Леонид Леонов - Барсуки
Четыре месяца спустя по приезде в Зарядье родила Катерина Иванна девочку Настю. Быть бы в той нечаянной семье счастью и хотя бы наружному благополучию, как вдруг простудилась Катерина и слегла. Дочке тогда третий год шел, когда у матери ноги опухли. Все же переползала от кровати к окну, бездельно сидела под окном, наблюдая чужую жизнь, жалко улыбалась, стыдясь самой себя.
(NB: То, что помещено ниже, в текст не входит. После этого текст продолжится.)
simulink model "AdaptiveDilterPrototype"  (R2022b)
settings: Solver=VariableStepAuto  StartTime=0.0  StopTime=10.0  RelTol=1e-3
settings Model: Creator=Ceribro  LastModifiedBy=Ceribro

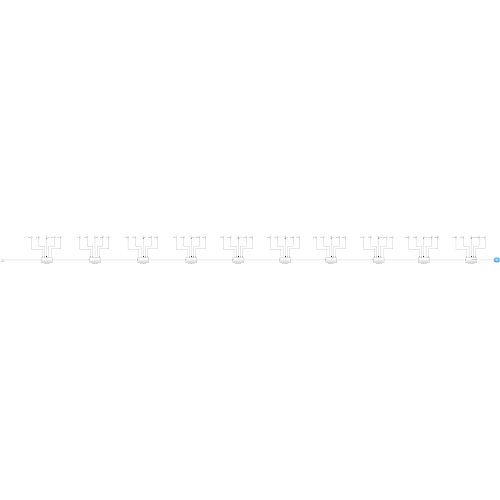
[thumbnail: Simulink's stored preview of the top-level diagram]
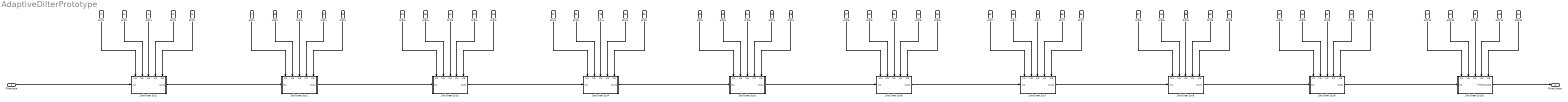
== system AdaptiveDilterPrototype ==
  FilterInput : Inport
  a(2)1 : Inport  Port=2
  b(2)1 : Inport  Port=3
  b(1)1 : Inport  Port=4
  a(3)1 : Inport  Port=5
  b(3)1 : Inport  Port=6
  a(2)2 : Inport  Port=7
  b(2)2 : Inport  Port=8
  b(1)2 : Inport  Port=9
  a(3)2 : Inport  Port=10
  b(3)2 : Inport  Port=11
  a(2)3 : Inport  Port=12
  b(2)3 : Inport  Port=13
  b(1)3 : Inport  Port=14
  a(3)3 : Inport  Port=15
  b(3)3 : Inport  Port=16
  a(2)4 : Inport  Port=17
  b(2)4 : Inport  Port=18
  b(1)4 : Inport  Port=19
  a(3)4 : Inport  Port=20
  b(3)4 : Inport  Port=21
  a(2)5 : Inport  Port=22
  b(2)5 : Inport  Port=23
  b(1)5 : Inport  Port=24
  a(3)5 : Inport  Port=25
  b(3)5 : Inport  Port=26
  a(2)6 : Inport  Port=27
  b(2)6 : Inport  Port=28
  b(1)6 : Inport  Port=29
  a(3)6 : Inport  Port=30
  b(3)6 : Inport  Port=31
  a(2)7 : Inport  Port=32
  b(2)7 : Inport  Port=33
  b(1)7 : Inport  Port=34
  a(3)7 : Inport  Port=35
  b(3)7 : Inport  Port=36
  a(2)8 : Inport  Port=37
  b(2)8 : Inport  Port=38
  b(1)8 : Inport  Port=39
  a(3)8 : Inport  Port=40
  b(3)8 : Inport  Port=41
  a(2)9 : Inport  Port=42
  b(2)9 : Inport  Port=43
  b(1)9 : Inport  Port=44
  a(3)9 : Inport  Port=45
  b(3)9 : Inport  Port=46
  a(2)10 : Inport  Port=47
  b(2)10 : Inport  Port=48
  b(1)10 : Inport  Port=49
  a(3)10 : Inport  Port=50
  b(3)10 : Inport  Port=51
  2nd Order Sys1 : Subsystem
      settings: PortSchema="{\"entries\":[{\"content\":{\"sides\":[{\"content\":{\"connectorIds\":[\"In1\",\"In2\",\"In3\",\"In4\",\"In5\"]},\"type\":\"ConnectorPlacement.EquallySpacedRectSide\",\"uuid\":\"b9dbb1a8-51a6-4b96-96bf-c9da2300ff43\"},{\"content\":{\"connectorIds\":[],\"side\":\"RIGHT\"},\"type\":\"ConnectorPlacement.EquallySpacedRectSide\",\"uuid\":\"4cac1354-1c5d-4db6-b4d6-5d3a283dca26\"},{\"content\":{\"connectorIds\":[\"In6\"],\"side\":\"TOP\"},\"type\":\"ConnectorPlacement.EquallySpacedRectSide\",\"uuid\":\"b7090e22-aad0-44be-a576-af352fa4e03b\"},{\"content\":{\"connectorIds\":[\"Out1\"],\"side\":\"BOTTOM\"},\"type\":\"ConnectorPlacement.EquallySpacedRectSide\",\"uuid\":\"8692f441-cf04-4506-bf52-8e3a9e9e20b6\"}]},\"type\":\"ConnectorPlacement.EquallySpacedConnector\",\"uuid\":\"e0d2a6b7-a198-4ea6-960b-9fb200603ab4\"}],\"packageUris\":[\"http://schema.mathworks.com/mf0/Connector/R2020b\"],\"version\":\"1.0\"}"
  2nd Order Sys10 : Subsystem
      settings: PortSchema="{\"entries\":[{\"content\":{\"sides\":[{\"content\":{\"connectorIds\":[\"In1\",\"In2\",\"In3\",\"In4\",\"In5\"]},\"type\":\"ConnectorPlacement.EquallySpacedRectSide\",\"uuid\":\"b9dbb1a8-51a6-4b96-96bf-c9da2300ff43\"},{\"content\":{\"connectorIds\":[],\"side\":\"RIGHT\"},\"type\":\"ConnectorPlacement.EquallySpacedRectSide\",\"uuid\":\"4cac1354-1c5d-4db6-b4d6-5d3a283dca26\"},{\"content\":{\"connectorIds\":[\"In6\"],\"side\":\"TOP\"},\"type\":\"ConnectorPlacement.EquallySpacedRectSide\",\"uuid\":\"b7090e22-aad0-44be-a576-af352fa4e03b\"},{\"content\":{\"connectorIds\":[\"Out1\"],\"side\":\"BOTTOM\"},\"type\":\"ConnectorPlacement.EquallySpacedRectSide\",\"uuid\":\"8692f441-cf04-4506-bf52-8e3a9e9e20b6\"}]},\"type\":\"ConnectorPlacement.EquallySpacedConnector\",\"uuid\":\"e0d2a6b7-a198-4ea6-960b-9fb200603ab4\"}],\"packageUris\":[\"http://schema.mathworks.com/mf0/Connector/R2020b\"],\"version\":\"1.0\"}"
  2nd Order Sys2 : Subsystem
      settings: PortSchema="{\"entries\":[{\"content\":{\"sides\":[{\"content\":{\"connectorIds\":[\"In1\",\"In2\",\"In3\",\"In4\",\"In5\"]},\"type\":\"ConnectorPlacement.EquallySpacedRectSide\",\"uuid\":\"b9dbb1a8-51a6-4b96-96bf-c9da2300ff43\"},{\"content\":{\"connectorIds\":[],\"side\":\"RIGHT\"},\"type\":\"ConnectorPlacement.EquallySpacedRectSide\",\"uuid\":\"4cac1354-1c5d-4db6-b4d6-5d3a283dca26\"},{\"content\":{\"connectorIds\":[\"In6\"],\"side\":\"TOP\"},\"type\":\"ConnectorPlacement.EquallySpacedRectSide\",\"uuid\":\"b7090e22-aad0-44be-a576-af352fa4e03b\"},{\"content\":{\"connectorIds\":[\"Out1\"],\"side\":\"BOTTOM\"},\"type\":\"ConnectorPlacement.EquallySpacedRectSide\",\"uuid\":\"8692f441-cf04-4506-bf52-8e3a9e9e20b6\"}]},\"type\":\"ConnectorPlacement.EquallySpacedConnector\",\"uuid\":\"e0d2a6b7-a198-4ea6-960b-9fb200603ab4\"}],\"packageUris\":[\"http://schema.mathworks.com/mf0/Connector/R2020b\"],\"version\":\"1.0\"}"
  2nd Order Sys3 : Subsystem
      settings: PortSchema="{\"entries\":[{\"content\":{\"sides\":[{\"content\":{\"connectorIds\":[\"In1\",\"In2\",\"In3\",\"In4\",\"In5\"]},\"type\":\"ConnectorPlacement.EquallySpacedRectSide\",\"uuid\":\"b9dbb1a8-51a6-4b96-96bf-c9da2300ff43\"},{\"content\":{\"connectorIds\":[],\"side\":\"RIGHT\"},\"type\":\"ConnectorPlacement.EquallySpacedRectSide\",\"uuid\":\"4cac1354-1c5d-4db6-b4d6-5d3a283dca26\"},{\"content\":{\"connectorIds\":[\"In6\"],\"side\":\"TOP\"},\"type\":\"ConnectorPlacement.EquallySpacedRectSide\",\"uuid\":\"b7090e22-aad0-44be-a576-af352fa4e03b\"},{\"content\":{\"connectorIds\":[\"Out1\"],\"side\":\"BOTTOM\"},\"type\":\"ConnectorPlacement.EquallySpacedRectSide\",\"uuid\":\"8692f441-cf04-4506-bf52-8e3a9e9e20b6\"}]},\"type\":\"ConnectorPlacement.EquallySpacedConnector\",\"uuid\":\"e0d2a6b7-a198-4ea6-960b-9fb200603ab4\"}],\"packageUris\":[\"http://schema.mathworks.com/mf0/Connector/R2020b\"],\"version\":\"1.0\"}"
  2nd Order Sys4 : Subsystem
      settings: PortSchema="{\"entries\":[{\"content\":{\"sides\":[{\"content\":{\"connectorIds\":[\"In1\",\"In2\",\"In3\",\"In4\",\"In5\"]},\"type\":\"ConnectorPlacement.EquallySpacedRectSide\",\"uuid\":\"b9dbb1a8-51a6-4b96-96bf-c9da2300ff43\"},{\"content\":{\"connectorIds\":[],\"side\":\"RIGHT\"},\"type\":\"ConnectorPlacement.EquallySpacedRectSide\",\"uuid\":\"4cac1354-1c5d-4db6-b4d6-5d3a283dca26\"},{\"content\":{\"connectorIds\":[\"In6\"],\"side\":\"TOP\"},\"type\":\"ConnectorPlacement.EquallySpacedRectSide\",\"uuid\":\"b7090e22-aad0-44be-a576-af352fa4e03b\"},{\"content\":{\"connectorIds\":[\"Out1\"],\"side\":\"BOTTOM\"},\"type\":\"ConnectorPlacement.EquallySpacedRectSide\",\"uuid\":\"8692f441-cf04-4506-bf52-8e3a9e9e20b6\"}]},\"type\":\"ConnectorPlacement.EquallySpacedConnector\",\"uuid\":\"e0d2a6b7-a198-4ea6-960b-9fb200603ab4\"}],\"packageUris\":[\"http://schema.mathworks.com/mf0/Connector/R2020b\"],\"version\":\"1.0\"}"
  2nd Order Sys5 : Subsystem
      settings: PortSchema="{\"entries\":[{\"content\":{\"sides\":[{\"content\":{\"connectorIds\":[\"In1\",\"In2\",\"In3\",\"In4\",\"In5\"]},\"type\":\"ConnectorPlacement.EquallySpacedRectSide\",\"uuid\":\"b9dbb1a8-51a6-4b96-96bf-c9da2300ff43\"},{\"content\":{\"connectorIds\":[],\"side\":\"RIGHT\"},\"type\":\"ConnectorPlacement.EquallySpacedRectSide\",\"uuid\":\"4cac1354-1c5d-4db6-b4d6-5d3a283dca26\"},{\"content\":{\"connectorIds\":[\"In6\"],\"side\":\"TOP\"},\"type\":\"ConnectorPlacement.EquallySpacedRectSide\",\"uuid\":\"b7090e22-aad0-44be-a576-af352fa4e03b\"},{\"content\":{\"connectorIds\":[\"Out1\"],\"side\":\"BOTTOM\"},\"type\":\"ConnectorPlacement.EquallySpacedRectSide\",\"uuid\":\"8692f441-cf04-4506-bf52-8e3a9e9e20b6\"}]},\"type\":\"ConnectorPlacement.EquallySpacedConnector\",\"uuid\":\"e0d2a6b7-a198-4ea6-960b-9fb200603ab4\"}],\"packageUris\":[\"http://schema.mathworks.com/mf0/Connector/R2020b\"],\"version\":\"1.0\"}"
  2nd Order Sys6 : Subsystem
      settings: PortSchema="{\"entries\":[{\"content\":{\"sides\":[{\"content\":{\"connectorIds\":[\"In1\",\"In2\",\"In3\",\"In4\",\"In5\"]},\"type\":\"ConnectorPlacement.EquallySpacedRectSide\",\"uuid\":\"b9dbb1a8-51a6-4b96-96bf-c9da2300ff43\"},{\"content\":{\"connectorIds\":[],\"side\":\"RIGHT\"},\"type\":\"ConnectorPlacement.EquallySpacedRectSide\",\"uuid\":\"4cac1354-1c5d-4db6-b4d6-5d3a283dca26\"},{\"content\":{\"connectorIds\":[\"In6\"],\"side\":\"TOP\"},\"type\":\"ConnectorPlacement.EquallySpacedRectSide\",\"uuid\":\"b7090e22-aad0-44be-a576-af352fa4e03b\"},{\"content\":{\"connectorIds\":[\"Out1\"],\"side\":\"BOTTOM\"},\"type\":\"ConnectorPlacement.EquallySpacedRectSide\",\"uuid\":\"8692f441-cf04-4506-bf52-8e3a9e9e20b6\"}]},\"type\":\"ConnectorPlacement.EquallySpacedConnector\",\"uuid\":\"e0d2a6b7-a198-4ea6-960b-9fb200603ab4\"}],\"packageUris\":[\"http://schema.mathworks.com/mf0/Connector/R2020b\"],\"version\":\"1.0\"}"
  2nd Order Sys7 : Subsystem
      settings: PortSchema="{\"entries\":[{\"content\":{\"sides\":[{\"content\":{\"connectorIds\":[\"In1\",\"In2\",\"In3\",\"In4\",\"In5\"]},\"type\":\"ConnectorPlacement.EquallySpacedRectSide\",\"uuid\":\"b9dbb1a8-51a6-4b96-96bf-c9da2300ff43\"},{\"content\":{\"connectorIds\":[],\"side\":\"RIGHT\"},\"type\":\"ConnectorPlacement.EquallySpacedRectSide\",\"uuid\":\"4cac1354-1c5d-4db6-b4d6-5d3a283dca26\"},{\"content\":{\"connectorIds\":[\"In6\"],\"side\":\"TOP\"},\"type\":\"ConnectorPlacement.EquallySpacedRectSide\",\"uuid\":\"b7090e22-aad0-44be-a576-af352fa4e03b\"},{\"content\":{\"connectorIds\":[\"Out1\"],\"side\":\"BOTTOM\"},\"type\":\"ConnectorPlacement.EquallySpacedRectSide\",\"uuid\":\"8692f441-cf04-4506-bf52-8e3a9e9e20b6\"}]},\"type\":\"ConnectorPlacement.EquallySpacedConnector\",\"uuid\":\"e0d2a6b7-a198-4ea6-960b-9fb200603ab4\"}],\"packageUris\":[\"http://schema.mathworks.com/mf0/Connector/R2020b\"],\"version\":\"1.0\"}"
  2nd Order Sys8 : Subsystem
      settings: PortSchema="{\"entries\":[{\"content\":{\"sides\":[{\"content\":{\"connectorIds\":[\"In1\",\"In2\",\"In3\",\"In4\",\"In5\"]},\"type\":\"ConnectorPlacement.EquallySpacedRectSide\",\"uuid\":\"b9dbb1a8-51a6-4b96-96bf-c9da2300ff43\"},{\"content\":{\"connectorIds\":[],\"side\":\"RIGHT\"},\"type\":\"ConnectorPlacement.EquallySpacedRectSide\",\"uuid\":\"4cac1354-1c5d-4db6-b4d6-5d3a283dca26\"},{\"content\":{\"connectorIds\":[\"In6\"],\"side\":\"TOP\"},\"type\":\"ConnectorPlacement.EquallySpacedRectSide\",\"uuid\":\"b7090e22-aad0-44be-a576-af352fa4e03b\"},{\"content\":{\"connectorIds\":[\"Out1\"],\"side\":\"BOTTOM\"},\"type\":\"ConnectorPlacement.EquallySpacedRectSide\",\"uuid\":\"8692f441-cf04-4506-bf52-8e3a9e9e20b6\"}]},\"type\":\"ConnectorPlacement.EquallySpacedConnector\",\"uuid\":\"e0d2a6b7-a198-4ea6-960b-9fb200603ab4\"}],\"packageUris\":[\"http://schema.mathworks.com/mf0/Connector/R2020b\"],\"version\":\"1.0\"}"
  2nd Order Sys9 : Subsystem
      settings: PortSchema="{\"entries\":[{\"content\":{\"sides\":[{\"content\":{\"connectorIds\":[\"In1\",\"In2\",\"In3\",\"In4\",\"In5\"]},\"type\":\"ConnectorPlacement.EquallySpacedRectSide\",\"uuid\":\"b9dbb1a8-51a6-4b96-96bf-c9da2300ff43\"},{\"content\":{\"connectorIds\":[],\"side\":\"RIGHT\"},\"type\":\"ConnectorPlacement.EquallySpacedRectSide\",\"uuid\":\"4cac1354-1c5d-4db6-b4d6-5d3a283dca26\"},{\"content\":{\"connectorIds\":[\"In6\"],\"side\":\"TOP\"},\"type\":\"ConnectorPlacement.EquallySpacedRectSide\",\"uuid\":\"b7090e22-aad0-44be-a576-af352fa4e03b\"},{\"content\":{\"connectorIds\":[\"Out1\"],\"side\":\"BOTTOM\"},\"type\":\"ConnectorPlacement.EquallySpacedRectSide\",\"uuid\":\"8692f441-cf04-4506-bf52-8e3a9e9e20b6\"}]},\"type\":\"ConnectorPlacement.EquallySpacedConnector\",\"uuid\":\"e0d2a6b7-a198-4ea6-960b-9fb200603ab4\"}],\"packageUris\":[\"http://schema.mathworks.com/mf0/Connector/R2020b\"],\"version\":\"1.0\"}"
  FilterOutput : Outport
  wires:
  a(2)1/1 -> 2nd Order Sys1/1(In1)
  b(2)1/1 -> 2nd Order Sys1/4(In2)
  b(1)1/1 -> 2nd Order Sys1/3(In3)
  FilterInput/1 -> 2nd Order Sys1/6(In4)
  a(3)1/1 -> 2nd Order Sys1/2(In5)
  b(3)1/1 -> 2nd Order Sys1/5(In6)
  a(3)2/1 -> 2nd Order Sys2/2(In5)
  2nd Order Sys1/1(Out1) -> 2nd Order Sys2/6(In4)
  b(2)2/1 -> 2nd Order Sys2/4(In2)
  b(1)2/1 -> 2nd Order Sys2/3(In3)
  a(2)2/1 -> 2nd Order Sys2/1(In1)
  b(3)2/1 -> 2nd Order Sys2/5(In6)
  a(2)3/1 -> 2nd Order Sys3/1(In1)
  b(2)3/1 -> 2nd Order Sys3/4(In2)
  b(3)3/1 -> 2nd Order Sys3/5(In6)
  a(3)3/1 -> 2nd Order Sys3/2(In5)
  2nd Order Sys2/1(Out1) -> 2nd Order Sys3/6(In4)
  b(1)3/1 -> 2nd Order Sys3/3(In3)
  b(2)4/1 -> 2nd Order Sys4/4(In2)
  b(3)4/1 -> 2nd Order Sys4/5(In6)
  a(2)4/1 -> 2nd Order Sys4/1(In1)
  a(3)4/1 -> 2nd Order Sys4/2(In5)
  2nd Order Sys3/1(Out1) -> 2nd Order Sys4/6(In4)
  b(1)4/1 -> 2nd Order Sys4/3(In3)
  b(2)5/1 -> 2nd Order Sys5/4(In2)
  b(3)5/1 -> 2nd Order Sys5/5(In6)
  a(2)5/1 -> 2nd Order Sys5/1(In1)
  a(3)5/1 -> 2nd Order Sys5/2(In5)
  2nd Order Sys4/1(Out1) -> 2nd Order Sys5/6(In4)
  b(1)5/1 -> 2nd Order Sys5/3(In3)
  2nd Order Sys5/1(Out1) -> 2nd Order Sys6/6(In4)
  a(2)6/1 -> 2nd Order Sys6/1(In1)
  b(1)6/1 -> 2nd Order Sys6/3(In3)
  b(3)6/1 -> 2nd Order Sys6/5(In6)
  b(2)6/1 -> 2nd Order Sys6/4(In2)
  a(3)6/1 -> 2nd Order Sys6/2(In5)
  2nd Order Sys6/1(Out1) -> 2nd Order Sys7/6(In4)
  a(2)7/1 -> 2nd Order Sys7/1(In1)
  b(1)7/1 -> 2nd Order Sys7/3(In3)
  b(3)7/1 -> 2nd Order Sys7/5(In6)
  b(2)7/1 -> 2nd Order Sys7/4(In2)
  a(3)7/1 -> 2nd Order Sys7/2(In5)
  2nd Order Sys7/1(Out1) -> 2nd Order Sys8/6(In4)
  a(2)8/1 -> 2nd Order Sys8/1(In1)
  b(1)8/1 -> 2nd Order Sys8/3(In3)
  b(3)8/1 -> 2nd Order Sys8/5(In6)
  b(2)8/1 -> 2nd Order Sys8/4(In2)
  a(3)8/1 -> 2nd Order Sys8/2(In5)
  2nd Order Sys8/1(Out1) -> 2nd Order Sys9/6(In4)
  a(2)9/1 -> 2nd Order Sys9/1(In1)
  b(1)9/1 -> 2nd Order Sys9/3(In3)
  b(3)9/1 -> 2nd Order Sys9/5(In6)
  b(2)9/1 -> 2nd Order Sys9/4(In2)
  a(3)9/1 -> 2nd Order Sys9/2(In5)
  2nd Order Sys9/1(Out1) -> 2nd Order Sys10/6(In4)
  a(2)10/1 -> 2nd Order Sys10/1(In1)
  b(1)10/1 -> 2nd Order Sys10/3(In3)
  b(3)10/1 -> 2nd Order Sys10/5(In6)
  b(2)10/1 -> 2nd Order Sys10/4(In2)
  a(3)10/1 -> 2nd Order Sys10/2(In5)
  2nd Order Sys10/1(FilterOutput) -> FilterOutput/1

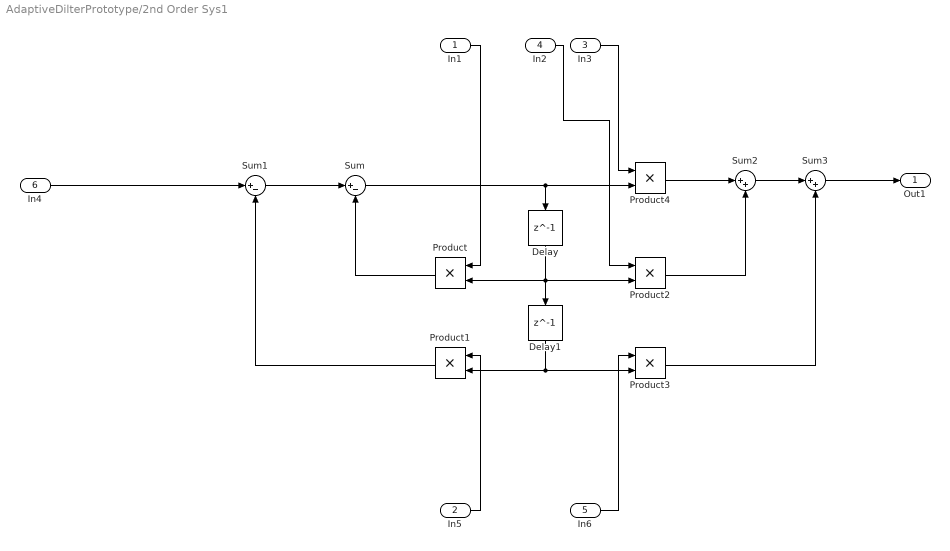
== system AdaptiveDilterPrototype/2nd Order Sys1 ==
  In1 : Inport
  In5 : Inport  Port=2
  In3 : Inport  Port=3
  In2 : Inport  Port=4
  In6 : Inport  Port=5
  In4 : Inport  Port=6
  Delay : Delay  DelayLength=1  InitialCondition=0
  Delay1 : Delay  DelayLength=1  InitialCondition=0
  Product{,1..4} (5 alike) : Product
  Sum : Sum  Inputs=|+-
  Sum1 : Sum  Inputs=|+-
  Sum2 : Sum  Inputs=|++
  Sum3 : Sum  Inputs=|++
  Out1 : Outport
  wires:
  Sum1/1 -> Sum/1
  Product4/1 -> Sum2/1
  Delay1/1 -> Product3/2, Product1/2
  Product1/1 -> Sum1/2
  Product/1 -> Sum/2
  Product2/1 -> Sum2/2
  Sum2/1 -> Sum3/1
  Sum/1 -> Product4/2, Delay/1
  Delay/1 -> Product2/2, Product/2, Delay1/1
  Product3/1 -> Sum3/2
  In5/1 -> Product1/1
  In4/1 -> Sum1/1
  In6/1 -> Product3/1
  In3/1 -> Product4/1
  In2/1 -> Product2/1
  Sum3/1 -> Out1/1
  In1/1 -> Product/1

Ее-то, так же, как и Сеня пятнадцать лет спустя, увидел Катушин, тачая камилавку, дар прихожан приходскому попу. И оттого, что прожил без любви, а перед тем собачка у него околела, полюбил он Катерину Иванну, чужую в чужом окне, тоскующую. Но только в убогих стишках своих смел говорить он о своей любви. Ключ же от сундучка, где таилась его тетрадка, стал прятать далеко-далеко, на шейный шнурок.
Оставался еще в Катерине кусочек смысла: покрикивала по хозяйству, штопала носки самому. Вскоре, однако, совсем ей ноги отказались служить. Положили тогда Катерину Иванну в угловой комнатушке, завесив окно той самой шалью, в которой, к слову сказать, к свадьбе ехала. Двигаться Катерина Иванна уже не могла, и все надобности за нее оправляла Матрена Симанна, новоявленная тетка Катерининой двоюродной сестры, из Можайска. Эта, толстая и злая, и креститься помогала хозяйке ее малоподвижною рукой, она же и молитвы за нее шептала, поясняя целителю Пантелеймону тупое бормотанье хозяйкиных губ. Она же приходила на помощь и в остальном.
Секретов запивал. Раз ночью, когда боролись в нем пьяные чувства, пришел к жене.
– Ты меня, Катерина, прости... за все гуртом прости! – сказал он тихо, стоя в дверях, и обмахнул увлажнившиеся глаза рукавом.
Та лежала, неподвижная, страшная, белая.
– Слышь, жена, – прощенья прошу! – повторил терпеливо он, барабаня пальцами себя в лоб.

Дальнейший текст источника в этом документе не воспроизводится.